I carry 1 million liability 2 million aggregate 1 million workman's comp.

Shop around. We are a high risk profession so you will pay out your back side.


----------



## Redbull (Dec 31, 2005)

What is aggregate?


----------



## PTS (Dec 31, 2005)

My understanding is that my policy will pay out up to 1 million twice in one year thus two million.


Which also means I would be looking for a new insurance company


----------



## Redbull (Dec 31, 2005)

I think you'd be looking after the first million dollar claim, or is that what the aggregate is for. Insurance for your insurance?


----------



## skwerl (Dec 31, 2005)

in all the years I've been insured, I've had one dinky claim.
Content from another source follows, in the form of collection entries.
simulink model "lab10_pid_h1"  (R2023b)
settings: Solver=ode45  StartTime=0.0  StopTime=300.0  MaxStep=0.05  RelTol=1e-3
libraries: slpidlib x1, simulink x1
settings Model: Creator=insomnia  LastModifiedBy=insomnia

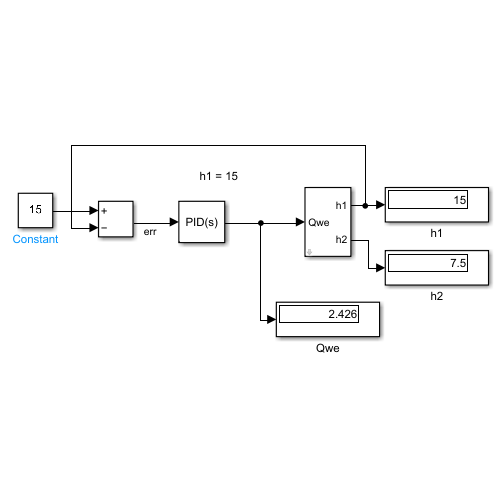
[thumbnail: Simulink's stored preview of the top-level diagram]
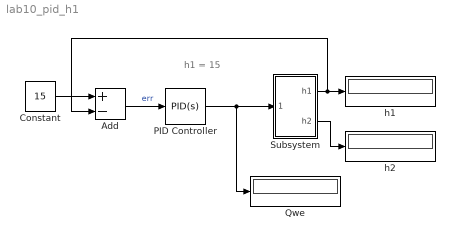
== system lab10_pid_h1 ==
  note: h1 = 15
  Add : Sum  Inputs=+-
  Constant : Constant  Value=15
  PID Controller : slpidlib/PID Controller  Controller=PID  Form=Parallel  TimeDomain=Continuous-time  UseExternalTs=off  SampleTime=-1  IntegratorMethod=Forward Euler  FilterMethod=Forward Euler  ControllerParametersSource=internal  P=1  I=1  UseKiTs=off  D=0  N=100  UseFilter=on  TunerSelectOption=Transfer Function Based (PID Tuner App)  InitialConditionSource=internal  InitialConditionForIntegrator=0  InitialConditionForFilter=0  DifferentiatorICPrevScaledInput=0  ExternalReset=none  TrackingMode=off  Kt=1  LimitOutput=off  SatLimitsSource=internal  UpperSaturationLimit=inf  LowerSaturationLimit=-inf  LinearizeAsGain=on  AntiWindupMode=none  Kb=1  LimitIntegrator=off  UpperIntegratorSaturationLimit=inf  LowerIntegratorSaturationLimit=-inf  POutMin=[]  POutMax=[]  IOutMin=[]  IOutMax=[]  DOutMin=[]  DOutMax=[]  NOutMin=[]  NOutMax=[]  SumOutMin=[]  SumOutMax=[]  SaturationOutMin=[]  SaturationOutMax=[]  PParamMin=[]  PParamMax=[]  IParamMin=[]  IParamMax=[]  DParamMin=[]  DParamMax=[]  NParamMin=[]  NParamMax=[]  KbParamMin=[]  KbParamMax=[]  KtParamMin=[]  KtParamMax=[]  KbOutMin=[]  KbOutMax=[]  KtOutMin=[]  KtOutMax=[]  IntegratorOutMin=[]  IntegratorOutMax=[]  FilterOutMin=[]  FilterOutMax=[]  SumI1OutMin=[]  SumI1OutMax=[]  SumI2OutMin=[]  SumI2OutMax=[]  SumI3OutMin=[]  SumI3OutMax=[]  SumI4OutMin=[]  SumI4OutMax=[]  SumDOutMin=[]  SumDOutMax=[]  DifferentiatorOutMin=[]  DifferentiatorOutMax=[]  FilterDiffOutCoefMin=[]  FilterDiffOutCoefMax=[]  ReciprocalOutMin=[]  ReciprocalOutMax=[]  SumDenOutMin=[]  SumDenOutMax=[]  SumNumOutMin=[]  SumNumOutMax=[]  DivideOutMin=[]  DivideOutMax=[]  UdiffTsProdOutMin=[]  UdiffTsProdOutMax=[]  NTsProdOutMin=[]  NTsProdOutMax=[]  UintegralTsProdOutMin=[]  UintegralTsProdOutMax=[]  UngainTsProdOutMin=[]  UngainTsProdOutMax=[]  ClampingZeroOutDataTypeStr=Inherit: Inherit via back propagation  ClampingZeroOutMin=[]  ClampingZeroOutMax=[]  FilterDenConstantOutDataTypeStr=Inherit: Inherit via back propagation  FilterDenConstantOutMin=[]  FilterDenConstantOutMax=[]  PCopyOutDataTypeStr=Inherit: Inherit via back propagation  PCopyOutMin=[]  PCopyOutMax=[]  NCopyOutDataTypeStr=Inherit: Inherit via back propagation  NCopyOutMin=[]  NCopyOutMax=[]  IntegratorContinuousStateAttributes=''  IntegratorStateMustResolveToSignalObject=off  IntegratorRTWStateStorageClass=Auto  FilterContinuousStateAttributes=''  FilterStateMustResolveToSignalObject=off  FilterRTWStateStorageClass=Auto  ParallelPVariant=InternalParameters  IdealPVariant=Disabled  IVariant=InternalParameters  DVariant=InternalParameters  IntegratorVariant=Continuous  SatVariant=Disabled  AWVariant=Passthrough  PCopyVariant=Disabled  TRVariant=Disabled  FdbkBlocksVariant=Forward  IdealPFdbkVariant=Disabled  SatFdbkVariant=Disabled  DerivativeFilterVariant=ContFilter  NVariant=InternalParameters  NCopyVariant=Disabled  FilterICVariant=InternalICsFilter  IntegratorICVariant=InternalICs  ExternalResetVariant=Disabled  TRSumVariant=Passthrough  SumFdbkVariant=Disabled  SumVariant=Sum_PID  TsampFilterVariant=InternalTs  TsampNgainVariant=Passthrough  TsampIntegralVariant=Disabled_SignalSpec  ExternalSaturationOutDataTypeStr=Inherit: Same as second input
  Qwe : Display
  Subsystem : Subsystem  mask{h1=4, h2=2, S1=1, S2=2, Swy1=0.2, Swy2=0.2, fi1=1, fi2=1, g=9.81, Qwe=2}
  h1 : Display
  h2 : Display
  wires:
  PID Controller/1 -> Subsystem/1(Qwe), Qwe/1
  Subsystem/1(h1) -> Add/2, h1/1
  Subsystem/2(h2) -> h2/1
  Add/1 -> PID Controller/1  "err"
  Constant/1 -> Add/1

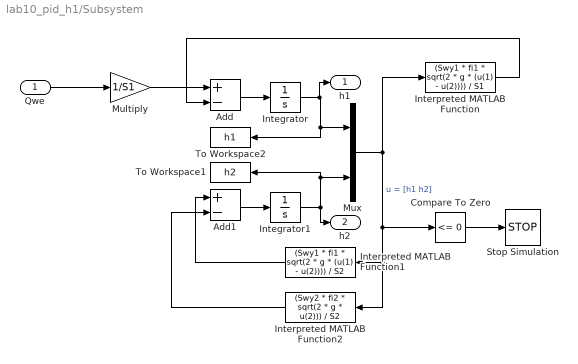
== system lab10_pid_h1/Subsystem ==
  Qwe : Inport
  Add : Sum  Inputs=+-
  Add1 : Sum  Inputs=+-
  Compare To Zero : simulink/Logic and Bit Operations/Compare To Zero  relop=<=  OutDataTypeStr=boolean
  Integrator : Integrator  InitialCondition=h1
  Integrator1 : Integrator  InitialCondition=h2
  Interpreted MATLAB Function : MATLABFcn  MATLABFcn=(Swy1 * fi1 * sqrt(2 * g * (u(1) - u(2)))) / S1
  Interpreted MATLAB Function1 : MATLABFcn  MATLABFcn=(Swy1 * fi1 * sqrt(2 * g * (u(1) - u(2)))) / S2
  Interpreted MATLAB Function2 : MATLABFcn  MATLABFcn=(Swy2 * fi2 * sqrt(2 * g * u(2))) / S2
  Multiply : Gain  Gain=1/S1
  Mux : Mux  Inputs=2
  Stop Simulation : Stop
  To Workspace1 : ToWorkspace  VariableName=h2  SampleTime=-1
  To Workspace2 : ToWorkspace  VariableName=h1  SampleTime=-1
  h1 : Outport
  h2 : Outport  Port=2
  wires:
  Multiply/1 -> Add/1
  Qwe/1 -> Multiply/1
  Add/1 -> Integrator/1
  Integrator/1 -> h1/1, To Workspace2/1, Mux/1
  Integrator1/1 -> h2/1, To Workspace1/1, Mux/2
  Add1/1 -> Integrator1/1
  Mux/1 -> Interpreted MATLAB Function/1, Compare To Zero/1, Interpreted MATLAB Function2/1, Interpreted MATLAB Function1/1  "u = [h1 h2]"
  Interpreted MATLAB Function/1 -> Add/2
  Interpreted MATLAB Function1/1 -> Add1/1
  Interpreted MATLAB Function2/1 -> Add1/2
  Compare To Zero/1 -> Stop Simulation/1

An outside AC unit for $1700. I dented it but it still worked fine. Was going to get prices for a replacement cover but the owner called his AC guys the next day to replace the whole unit. Then he called my insurance company after the fact and asked for reimbursement for the bill. He never talked to me until after he filed the claim. 

Everything else has been minor. We all have minor stuff, the idea is to minimize/ reduce the frequency of stupid damages. When it happens, just fix it fast and right and don't make a big deal out of it. I never give my customers the chance to complain over a broken sprinkler or dented gutter, it's fixed before they get the bill for the work.


----------



## a_lopa (Jan 1, 2006)

5 million public liability is the norm here 10 million is more and more common.

i pay $1350 a year liability insurance(had qoutes up to $5k) the excess is $2,500 no claims.


----------



## GLOBOTREE (Jan 1, 2006)

Thanks Ya'll. I will start looking at local insurance places.
I live in upstate SC, there should be plenty around.


----------



## Sunrise Guy (Feb 4, 2006)

*$1350/yr?*

What company? Thanks!


----------



## Nickrosis (Feb 4, 2006)

Sunrise Guy said:


> What company? Thanks!


Those are Aussie bucks, bro.


----------



## DDM (Feb 4, 2006)

Woodsman, Without Several yrs of verifiable experience Your going to have a tough time getting any.And I too live in the upstate no local companies carry it.


----------



## B-Edwards (Feb 18, 2006)

1 Million Liability $1,200.00 per year ,,,,, WC $44.00 per $100.00 great NorthWestern NC


----------



## toscottm (Sep 26, 2006)

*Arborist Bonds*



skwerl said:


> 'bonded' refers to a completion bond. IT is used in construction where you contract a builder to build you a house and you give him a $20K down payment. If he goes bankrupt in the middle of the job, the bond will pay to finish building your house. Bonds are normally not applicable to our business and people who ask for them have no idea what they are asking for, they are just parroting what they heard from the 'consumer advocate' on the local TV news. I carry $300K of liability insurance for any damage I may cause and if I don't complete a job then the customer doesn't pay me. The bond is not applicable for a job only taking one day (or even one week).



As an insurance broker licensed to sell bonds, I must disagree with the above.

While it is not common for a bond to be demanded of an arborist, it is not as irrelevant as seems to be suggested here. There are circumstances where a bond would be a reasonable request.

A bond is a product used to provide 'surety' that a commitment will be met.

A bid bond provides surety that a service will bid in good faith and upon being awarded a job will actually accept and proceed with the work. A performance bond provides surety that a service will meet the project specifications such as timeliness. A labour & material bond will provide surety that suppliers and subtrades will be paid (thus the property owner can feel relief from concern related to potential claims by those who allege payment hasn't been received).

Most homeowners will lack the sophistication to understand the purpose of a bond and indeed may be 'parroting' as suggested. If a homeowner asks for proof of insurance and bonding for a one-day removal job, it is obvious that they don't know what they are talking about. However, a bond may be a reasonable request when a project will be significantly involved. Sophisticated buyers of arboriculture services such as municipalities, utilities, land developers or property management companies will have risk managers on staff that may impose a bond requirement as a reasonable assurance (surety).

Hope this is helpful!

Scott


----------



## jonseredbred (Sep 26, 2006)

bonding is too hard to get in the case of a l&m bond, our local municipalities put those in as a matter of contract law, by the advice of attorneys & insurance agents.

since no materials are used very often in municipal tree contracts (if at all) instead, we routinely request the municipality to drop the bond requirement in lieu of lien releases or we dont take payments until the completion of contract.


----------